> [YOUR INSTRUCTIONS] For the data below, give again exactly the lines from the one containing "arc A26 (17.9324, 24.0246)" through the one containing "line L31 (15.4147, 24.9224)", both ends included, and no others.

[GIVEN ENTRIES Boundary: Start]

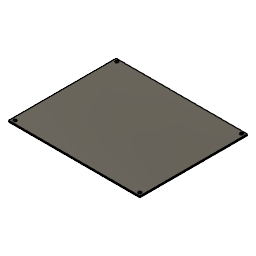
BB-BOT (Autodesk Fusion 360 archive; units mm, degrees)
design "Top plate"
Autodesk Fusion 360 part; units mm, degrees
sketch "Sketch1" plane through (0, 0, 45) normal (0, 0, 1) x (-1, 0, 0) in component "Top guard"
  arc A0 (130, -95) -> (130, -75) centre (130, -85) ccw
  line L0 (130, -75) -> (120, -75)
  line L1 (120, -75) -> (120, -35)
  line L2 (120, -35) -> (130, -35)
  arc A1 (130, -35) -> (130, -15) centre (130, -25) ccw
  line L3 (130, -15) -> (100, -15)
  line L4 (100, -15) -> (100, 50)
  line L5 (100, 50) -> (-100, 50)
  line L6 (-100, 50) -> (-100, -15)
  line L7 (-100, -15) -> (-130, -15)
  arc A2 (-130, -15) -> (-130, -35) centre (-130, -25) ccw
  line L8 (-130, -35) -> (-120, -35)
  line L9 (-120, -35) -> (-120, -75)
  line L10 (-120, -75) -> (-129.9999, -75)
  arc A3 (-129.9999, -75) -> (-129.9999, -95) centre (-129.9999, -85) ccw
  line L11 (-129.9999, -95) -> (-100, -95)
  line L12 (-100, -95) -> (-100, -160)
  line L13 (-100, -160) -> (-74, -160)
  line L14 (-74, -160) -> (-74, -115)
  line L15 (-74, -115) -> (74, -115)
  line L16 (74, -115) -> (74, -160)
  line L17 (74, -160) -> (100, -160)
  line L18 (100, -160) -> (100, -95)
  line L19 (100, -95) -> (130, -95)
  line L20 (83, 45) -> (83, -109)
  line L21 (-83, -109) -> (-83, 45)
  line L22 (-83, 45) -> (83, 45)
  circle A4 centre (130, -25) radius 4
  circle A5 centre (-129.9999, -85) radius 4
  circle A6 centre (-130, -25) radius 4
  circle A7 centre (130, -85) radius 4
  line L23 (100, -114) -> (-100, -114)
  line L24 (-100, -114) -> (-100, 50)
  line L25 (-100, 50) -> (100, 50)
  line L26 (100, 50) -> (100, -114)
  circle A8 centre (-95, -110) radius 2.25
  circle A9 centre (95, -110) radius 2.25
  circle A10 centre (95, 45) radius 2.25
  circle A11 centre (-95, 45) radius 2.25
  dimension "d7" = 4.5
  dimension "d8" = 4.5
  dimension "d9" = 4.5
  dimension "d10" = 4.5
  constraint horizontal L23
  constraint vertical L24
  constraint horizontal L25
  constraint vertical L26
  constraint coincident L5.end L6.start
  constraint coincident L18 L23.start
  measures "d7" diameter of A8
  measures "d8" diameter of A9
  measures "d9" diameter of A10
  measures "d10" diameter of A11
extrude "Extrude1" add sketch "Sketch1" along normal blind 2 contours L4 L5 L6 L12 L18 L23 L24 L25 L26 | A8 | A9 | A10 | A11 in component "Top guard"
extrude "Extrude2" cut sketch "Sketch1" along normal blind 2 contours A8 | A9 | A10 | A11 in component "Top guard"
component "Top guard" placed x (1, 0, 0) y (0, 1, 0) z (0, 0, 1) at (0, 0, 0)

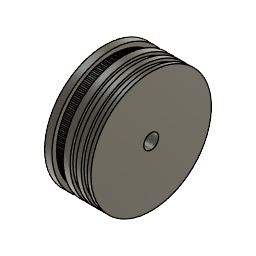
design "Wheel Hub"
Autodesk Fusion 360 part; units mm, degrees
sketch "Sketch1" plane through (0, 0, 0) normal (1, 0, 0) x (0, 1, 0) in component "Wheel-Hub"
  circle A0 centre (0, 0) radius 32.5
  dimension "d1" = 65
  constraint coincident A0.centre origin
  measures "d1" diameter of A0
extrude "Extrude1" add sketch "Sketch1" along normal blind 25 in component "Wheel-Hub"
sketch "Sketch2" plane through (25, 0, 0) normal (1, 0, 0) x (0, 1, 0) in component "Wheel-Hub"
  circle A0 centre (0, 0) radius 32.5
  circle A1 centre (0, 0) radius 4
  constraint coincident A0.centre A1.centre
extrude "Extrude2" cut sketch "Sketch2" against normal blind 25 contours A1 in component "Wheel-Hub"
sketch "Sketch3" plane through (25, 0, 0) normal (1, 0, 0) x (0, 1, 0) in component "Wheel-Hub"
  circle A0 centre (0, 0) radius 4
  circle A1 centre (0, 0) radius 32.5
  circle A2 centre (0, 0) radius 32.5
  circle A3 centre (0, 0) radius 31
  dimension "d6" = 65
  dimension "d7" = 62
  constraint coincident A0.centre A1.centre
  constraint concentric A2 A3
  measures "d6" diameter of A2
  measures "d7" diameter of A3
extrude "Extrude3" cut sketch "Sketch3" against normal blind 3.2 from surface at -2 contours A1 A2 in component "Wheel-Hub"
extrude "Extrude4" cut sketch "Sketch3" against normal blind 3.2 from surface at -8 contours A1 A2 in component "Wheel-Hub"
sketch "Sketch4" plane through (25, 0, 0) normal (1, 0, 0) x (0, 1, 0) in component "Wheel-Hub"
  circle A0 centre (0, 0) radius 4
  circle A1 centre (0, 0) radius 32.5
  circle A2 centre (0, 0) radius 32.5
  circle A3 centre (0, 0) radius 30
  dimension "d14" = 65
  dimension "d15" = 60
  constraint coincident A0.centre A1.centre
  measures "d14" diameter of A2
  measures "d15" diameter of A3
extrude "Extrude5" cut sketch "Sketch4" against normal blind 6 from surface at -15 contours A1 A2 in component "Wheel-Hub"
sketch "Sketch1 (2)" plane through (4, 0, 0) normal (1, 0, 0) x (0, 1, 0)
  circle A0 centre (0, 0) radius 30
  circle A1 centre (0, 0) radius 32.5
  line L0 (30, 0) -> (20.725, 0)
  line L1 (30, 0) -> (29.3, 0)
  line L2 (29.3, 0.5) -> (29.3, -0.5)
  line L3 (29.3, 0.5) -> (29.97, 0.7439)
  line L4 (29.3, -0.5) -> (29.97, -0.7439)
  arc A2 (29.97, -0.7439) -> (29.97, 0.7439) centre (20.7626, 0) ccw
  line L5 (29.3, 0) -> (29.315, 0)
  arc A3 (29.3, -0.5) -> (29.3, 0.5) centre (20.9742, 0) ccw
  line L6 (29.1677, 2.8263) -> (29.8162, 3.1226)
  arc A4 (29.9344, 1.6396) -> (29.8162, 3.1226) centre (20.697, 1.6496) ccw
  line L7 (29.2471, 1.8295) -> (29.9344, 1.6396)
  arc A5 (29.2471, 1.8295) -> (29.1677, 2.8263) centre (20.9079, 1.6664) ccw
  line L8 (28.8509, 5.1347) -> (29.4738, 5.4817)
  arc A6 (29.7095, 4.0127) -> (29.4738, 5.4817) centre (20.5005, 3.2888) ccw
  line L9 (29.0093, 4.1474) -> (29.7095, 4.0127)
  arc A7 (29.0093, 4.1474) -> (28.8509, 5.1347) centre (20.7094, 3.3223) ccw
  line L10 (28.3517, 7.4107) -> (28.9451, 7.806)
  arc A8 (29.2967, 6.3605) -> (28.9451, 7.806) centre (20.1744, 4.9071) ccw
  line L11 (28.5881, 6.4391) -> (29.2967, 6.3605)
  arc A9 (28.5881, 6.4391) -> (28.3517, 7.4107) centre (20.3799, 4.9571) ccw
  line L12 (27.6733, 9.6399) -> (28.2334, 10.081)
  arc A10 (28.6988, 8.668) -> (28.2334, 10.081) centre (19.7207, 6.4945) ccw
  line L13 (27.9861, 8.69) -> (28.6988, 8.668)
  arc A11 (27.9861, 8.69) -> (27.6733, 9.6399) centre (19.9217, 6.5606) ccw
  line L14 (26.82, 11.808) -> (27.3432, 12.2923)
  arc A12 (27.9194, 10.9207) -> (27.3432, 12.2923) centre (19.1424, 8.0408) ccw
  line L15 (27.2072, 10.8861) -> (27.9194, 10.9207)
  arc A13 (27.2072, 10.8861) -> (26.82, 11.808) centre (19.3375, 8.1227) ccw
  line L16 (25.797, 13.9016) -> (26.2802, 14.4259)
  arc A14 (26.9635, 13.1044) -> (26.2802, 14.4259) centre (18.4431, 9.5362) ccw
  line L17 (26.2563, 13.0133) -> (26.9635, 13.1044)
  arc A15 (26.2563, 13.0133) -> (25.797, 13.9016) centre (18.631, 9.6334) ccw
  line L18 (24.611, 15.9072) -> (25.051, 16.4683)
  arc A16 (25.8371, 15.2052) -> (25.051, 16.4683) centre (17.6271, 10.9714) ccw
  line L19 (25.1394, 15.0582) -> (25.8371, 15.2052)
  arc A17 (25.1394, 15.0582) -> (24.611, 15.9072) centre (17.8067, 11.0832) ccw
  line L20 (23.2694, 17.8122) -> (23.6634, 18.4065)
  arc A18 (24.5474, 17.2099) -> (23.6634, 18.4065) centre (16.6997, 12.3372) ccw
  line L21 (23.8636, 17.0079) -> (24.5474, 17.2099)
  arc A19 (23.8636, 17.0079) -> (23.2694, 17.8122) centre (16.8699, 12.4629) ccw
  line L22 (21.7806, 19.6047) -> (22.1262, 20.2284)
  arc A20 (23.1024, 19.1058) -> (22.1262, 20.2284) centre (15.6667, 13.625) ccw
  line L23 (22.4369, 18.8501) -> (23.1024, 19.1058)
  arc A21 (22.4369, 18.8501) -> (21.7806, 19.6047) centre (15.8264, 13.7638) ccw
  line L24 (20.1542, 21.2732) -> (20.4491, 21.9224)
  arc A22 (21.5115, 20.8809) -> (20.4491, 21.9224) centre (14.5347, 14.8266) ccw
  line L25 (20.8683, 20.5732) -> (21.5115, 20.8809)
  arc A23 (20.8683, 20.5732) -> (20.1542, 21.2732) centre (14.6828, 14.9777) ccw
  line L26 (18.4003, 22.8072) -> (18.6427, 23.4777)
  arc A24 (19.7845, 22.524) -> (18.6427, 23.4777) centre (13.3108, 15.9345) ccw
  line L27 (19.1678, 22.1661) -> (19.7845, 22.524)
  arc A25 (19.1678, 22.1661) -> (18.4003, 22.8072) centre (13.4464, 16.0969) ccw
  line L28 (16.5301, 24.197) -> (16.7184, 24.8847)
  arc A26 (17.9324, 24.0246) -> (16.7184, 24.8847) centre (12.0027, 16.9417) ccw
  line L29 (17.3461, 23.6189) -> (17.9324, 24.0246)
  arc A27 (17.3461, 23.6189) -> (16.5301, 24.197) centre (12.125, 17.1143) ccw
  line L30 (14.5554, 25.4338) -> (14.6885, 26.1343)
  arc A28 (15.9669, 25.3734) -> (14.6885, 26.1343) centre (10.6187, 17.8418) ccw
  line L31 (15.4147, 24.9224) -> (15.9669, 25.3734)
  arc A29 (15.4147, 24.9224) -> (14.5554, 25.4338) centre (10.7269, 18.0235) ccw
  line L32 (12.4887, 26.5099) -> (12.5657, 27.2187)
  arc A30 (13.9005, 26.5618) -> (12.5657, 27.2187) centre (9.1676, 18.629) ccw
  line L33 (13.3859, 26.0683) -> (13.9005, 26.5618)
  arc A31 (13.3859, 26.0683) -> (12.4887, 26.5099) centre (9.261, 18.8188) ccw
  line L34 (10.343, 27.4183) -> (10.3634, 28.131)
  arc A32 (11.7463, 27.5822) -> (10.3634, 28.131) centre (7.6586, 19.2985) ccw
  line L35 (11.2725, 27.0494) -> (11.7463, 27.5822)
  arc A33 (11.2725, 27.0494) -> (10.343, 27.4183) centre (7.7366, 19.4951) ccw
  line L36 (8.1319, 28.1534) -> (8.0957, 28.8655)
  arc A34 (9.5177, 28.4283) -> (8.0957, 28.8655) centre (6.1011, 19.846) ccw
  line L37 (9.0877, 27.8595) -> (9.5177, 28.4283)
  arc A35 (9.0877, 27.8595) -> (8.1319, 28.1534) centre (6.1633, 20.0482) ccw
  line L38 (5.8694, 28.7105) -> (5.7767, 29.4174)
  arc A36 (7.229, 29.0946) -> (5.7767, 29.4174) centre (4.505, 20.268) ccw
  line L39 (6.8456, 28.4935) -> (7.229, 29.0946)
  arc A37 (6.8456, 28.4935) -> (5.8694, 28.7105) centre (4.5509, 20.4745) ccw
  line L40 (3.5698, 29.086) -> (3.4212, 29.7834)
  arc A38 (4.8946, 29.577) -> (3.4212, 29.7834) centre (2.8805, 20.5618) ccw
  line L41 (4.5601, 28.9473) -> (4.8946, 29.577)
  arc A39 (4.5601, 28.9473) -> (3.5698, 29.086) centre (2.9099, 20.7713) ccw
  line L42 (1.2476, 29.2777) -> (1.0441, 29.961)
  arc A40 (2.5292, 29.8724) -> (1.0441, 29.961) centre (1.2378, 20.7257) ccw
  line L43 (2.2458, 29.2181) -> (2.5292, 29.8724)
  arc A41 (2.2458, 29.2181) -> (1.2476, 29.2777) centre (1.2504, 20.9369) ccw
  line L44 (-1.0824, 29.2843) -> (-1.3396, 29.9493)
  arc A42 (0.1478, 29.9789) -> (-1.3396, 29.9493) centre (-0.4128, 20.7585) ccw
  line L45 (-0.0826, 29.3041) -> (0.1478, 29.9789)
  arc A43 (-0.0826, 29.3041) -> (-1.0824, 29.2843) centre (-0.417, 20.97) ccw
  line L46 (-3.4057, 29.1057) -> (-3.7148, 29.7482)
  arc A44 (-2.2344, 29.8958) -> (-3.7148, 29.7482) centre (-2.0608, 20.6601) ccw
  line L47 (-2.4106, 29.2049) -> (-2.2344, 29.8958)
  arc A45 (-2.4106, 29.2049) -> (-3.4057, 29.1057) centre (-2.0818, 20.8706) ccw
  line L48 (-5.7074, 28.7431) -> (-6.0666, 29.359)
  arc A46 (-4.6026, 29.6238) -> (-6.0666, 29.359) centre (-3.6957, 20.431) ccw
  line L49 (-4.7233, 28.9211) -> (-4.6026, 29.6238)
  arc A47 (-4.7233, 28.9211) -> (-5.7074, 28.7431) centre (-3.7334, 20.6392) ccw
  line L50 (-7.973, 28.1988) -> (-8.38, 28.7842)
  arc A48 (-6.9417, 29.1645) -> (-8.38, 28.7842) centre (-5.3073, 20.0728) ccw
  line L51 (-7.0062, 28.4544) -> (-6.9417, 29.1645)
  arc A49 (-7.0062, 28.4544) -> (-7.973, 28.1988) centre (-5.3613, 20.2774) ccw
  line L52 (-10.1882, 27.4762) -> (-10.6404, 28.0274)
  arc A50 (-9.2369, 28.5208) -> (-10.6404, 28.0274) centre (-6.8853, 19.5877) ccw
  line L53 (-9.2447, 27.8078) -> (-9.2369, 28.5208)
  arc A51 (-9.2447, 27.8078) -> (-10.1882, 27.4762) centre (-6.9554, 19.7873) ccw
  line L54 (-12.3389, 26.5799) -> (-12.8335, 27.0934)
  arc A52 (-11.4736, 27.6967) -> (-12.8335, 27.0934) centre (-8.4198, 18.9788) ccw
  line L55 (-11.4248, 26.9854) -> (-11.4736, 27.6967)
  arc A53 (-11.4248, 26.9854) -> (-12.3389, 26.5799) centre (-8.5056, 19.1721) ccw
  line L56 (-14.4117, 25.5155) -> (-14.9456, 25.9882)
  arc A54 (-13.6379, 26.6976) -> (-14.9456, 25.9882) centre (-9.901, 18.2498) ccw
  line L57 (-13.5327, 25.9924) -> (-13.6379, 26.6976)
  arc A55 (-13.5327, 25.9924) -> (-14.4117, 25.5155) centre (-10.0019, 18.4358) ccw
  line L58 (-16.3934, 24.2899) -> (-16.9631, 24.7186)
  arc A56 (-15.7159, 25.5297) -> (-16.9631, 24.7186) centre (-11.3197, 17.4055) ccw
  line L59 (-15.5551, 24.8351) -> (-15.7159, 25.5297)
  arc A57 (-15.5551, 24.8351) -> (-16.3934, 24.2899) centre (-11.435, 17.5828) ccw
  line L60 (-18.2714, 22.9106) -> (-18.8733, 23.2927)
  arc A58 (-17.6946, 24.2003) -> (-18.8733, 23.2927) centre (-12.6667, 16.4511) ccw
  line L61 (-17.479, 23.5207) -> (-17.6946, 24.2003)
  arc A59 (-17.479, 23.5207) -> (-18.2714, 22.9106) centre (-12.7958, 16.6187) ccw
  line L62 (-20.0339, 21.3865) -> (-20.6643, 21.7196)
  arc A60 (-19.5613, 22.718) -> (-20.6643, 21.7196) centre (-13.9337, 15.3927) ccw
  line L63 (-19.2925, 22.0576) -> (-19.5613, 22.718)
  arc A61 (-19.2925, 22.0576) -> (-20.0339, 21.3865) centre (-14.0757, 15.5496) ccw
  line L64 (-21.6697, 19.7272) -> (-22.3246, 20.0092)
  arc A62 (-21.3045, 21.092) -> (-22.3246, 20.0092) centre (-15.1127, 14.237) ccw
  line L65 (-20.984, 20.4551) -> (-21.3045, 21.092)
  arc A63 (-20.984, 20.4551) -> (-21.6697, 19.7272) centre (-15.2666, 14.3821) ccw
  line L66 (-23.1685, 17.9432) -> (-23.8438, 18.1722)
  arc A64 (-22.9129, 19.3327) -> (-23.8438, 18.1722) centre (-16.196, 12.9913) ccw
  line L67 (-22.5428, 18.7233) -> (-22.9129, 19.3327)
  arc A65 (-22.5428, 18.7233) -> (-23.1685, 17.9432) centre (-16.361, 13.1237) ccw
  line L68 (-24.5209, 16.0458) -> (-25.2122, 16.2204)
  arc A66 (-24.3764, 17.4512) -> (-25.2122, 16.2204) centre (-17.177, 11.6635) ccw
  line L69 (-23.9591, 16.8731) -> (-24.3764, 17.4512)
  arc A67 (-23.9591, 16.8731) -> (-24.5209, 16.0458) centre (-17.352, 11.7823) ccw
  line L70 (-25.7182, 14.0468) -> (-26.4212, 14.166)
  arc A68 (-25.6859, 15.4593) -> (-26.4212, 14.166) centre (-18.0493, 10.2619) ccw
  line L71 (-25.224, 14.9162) -> (-25.6859, 15.4593)
  arc A69 (-25.224, 14.9162) -> (-25.7182, 14.0468) centre (-18.2333, 10.3665) ccw
  line L72 (-26.7529, 11.9591) -> (-27.4632, 12.022)
  arc A70 (-26.8329, 13.3697) -> (-27.4632, 12.022) centre (-18.8076, 8.7954) ccw
  line L73 (-26.3293, 12.865) -> (-26.8329, 13.3697)
  arc A71 (-26.3293, 12.865) -> (-26.7529, 11.9591) centre (-18.9992, 8.8851) ccw
  line L74 (-27.6185, 9.7958) -> (-28.3315, 9.8021)
  arc A72 (-27.8103, 11.1955) -> (-28.3315, 9.8021) centre (-19.4469, 7.2734) ccw
  line L75 (-27.2682, 10.7324) -> (-27.8103, 11.1955)
  arc A73 (-27.2682, 10.7324) -> (-27.6185, 9.7958) centre (-19.6451, 7.3475) ccw
  line L76 (-28.3095, 7.5705) -> (-29.0207, 7.5202)
  arc A74 (-28.6119, 8.9506) -> (-29.0207, 7.5202) centre (-19.9633, 5.7053) ccw
  line L77 (-28.0347, 8.532) -> (-28.6119, 8.9506)
  arc A75 (-28.0347, 8.532) -> (-28.3095, 7.5705) centre (-20.1668, 5.7634) ccw
  line L78 (-28.8215, 5.2974) -> (-29.5264, 5.1907)
  arc A76 (-29.2326, 6.6491) -> (-29.5264, 5.1907) centre (-20.3535, 4.1012) ccw
  line L79 (-28.6239, 6.2777) -> (-29.2326, 6.6491)
  arc A77 (-28.6239, 6.2777) -> (-28.8215, 5.2974) centre (-20.5609, 4.143) ccw
  line L80 (-29.1512, 2.9908) -> (-29.8455, 2.8284)
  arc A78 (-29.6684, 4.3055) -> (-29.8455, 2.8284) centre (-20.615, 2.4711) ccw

[GIVEN ENTRIES Boundary: End]

> [THE ANSWER]
  arc A26 (17.9324, 24.0246) -> (16.7184, 24.8847) centre (12.0027, 16.9417) ccw
  line L29 (17.3461, 23.6189) -> (17.9324, 24.0246)
  arc A27 (17.3461, 23.6189) -> (16.5301, 24.197) centre (12.125, 17.1143) ccw
  line L30 (14.5554, 25.4338) -> (14.6885, 26.1343)
  arc A28 (15.9669, 25.3734) -> (14.6885, 26.1343) centre (10.6187, 17.8418) ccw
  line L31 (15.4147, 24.9224) -> (15.9669, 25.3734)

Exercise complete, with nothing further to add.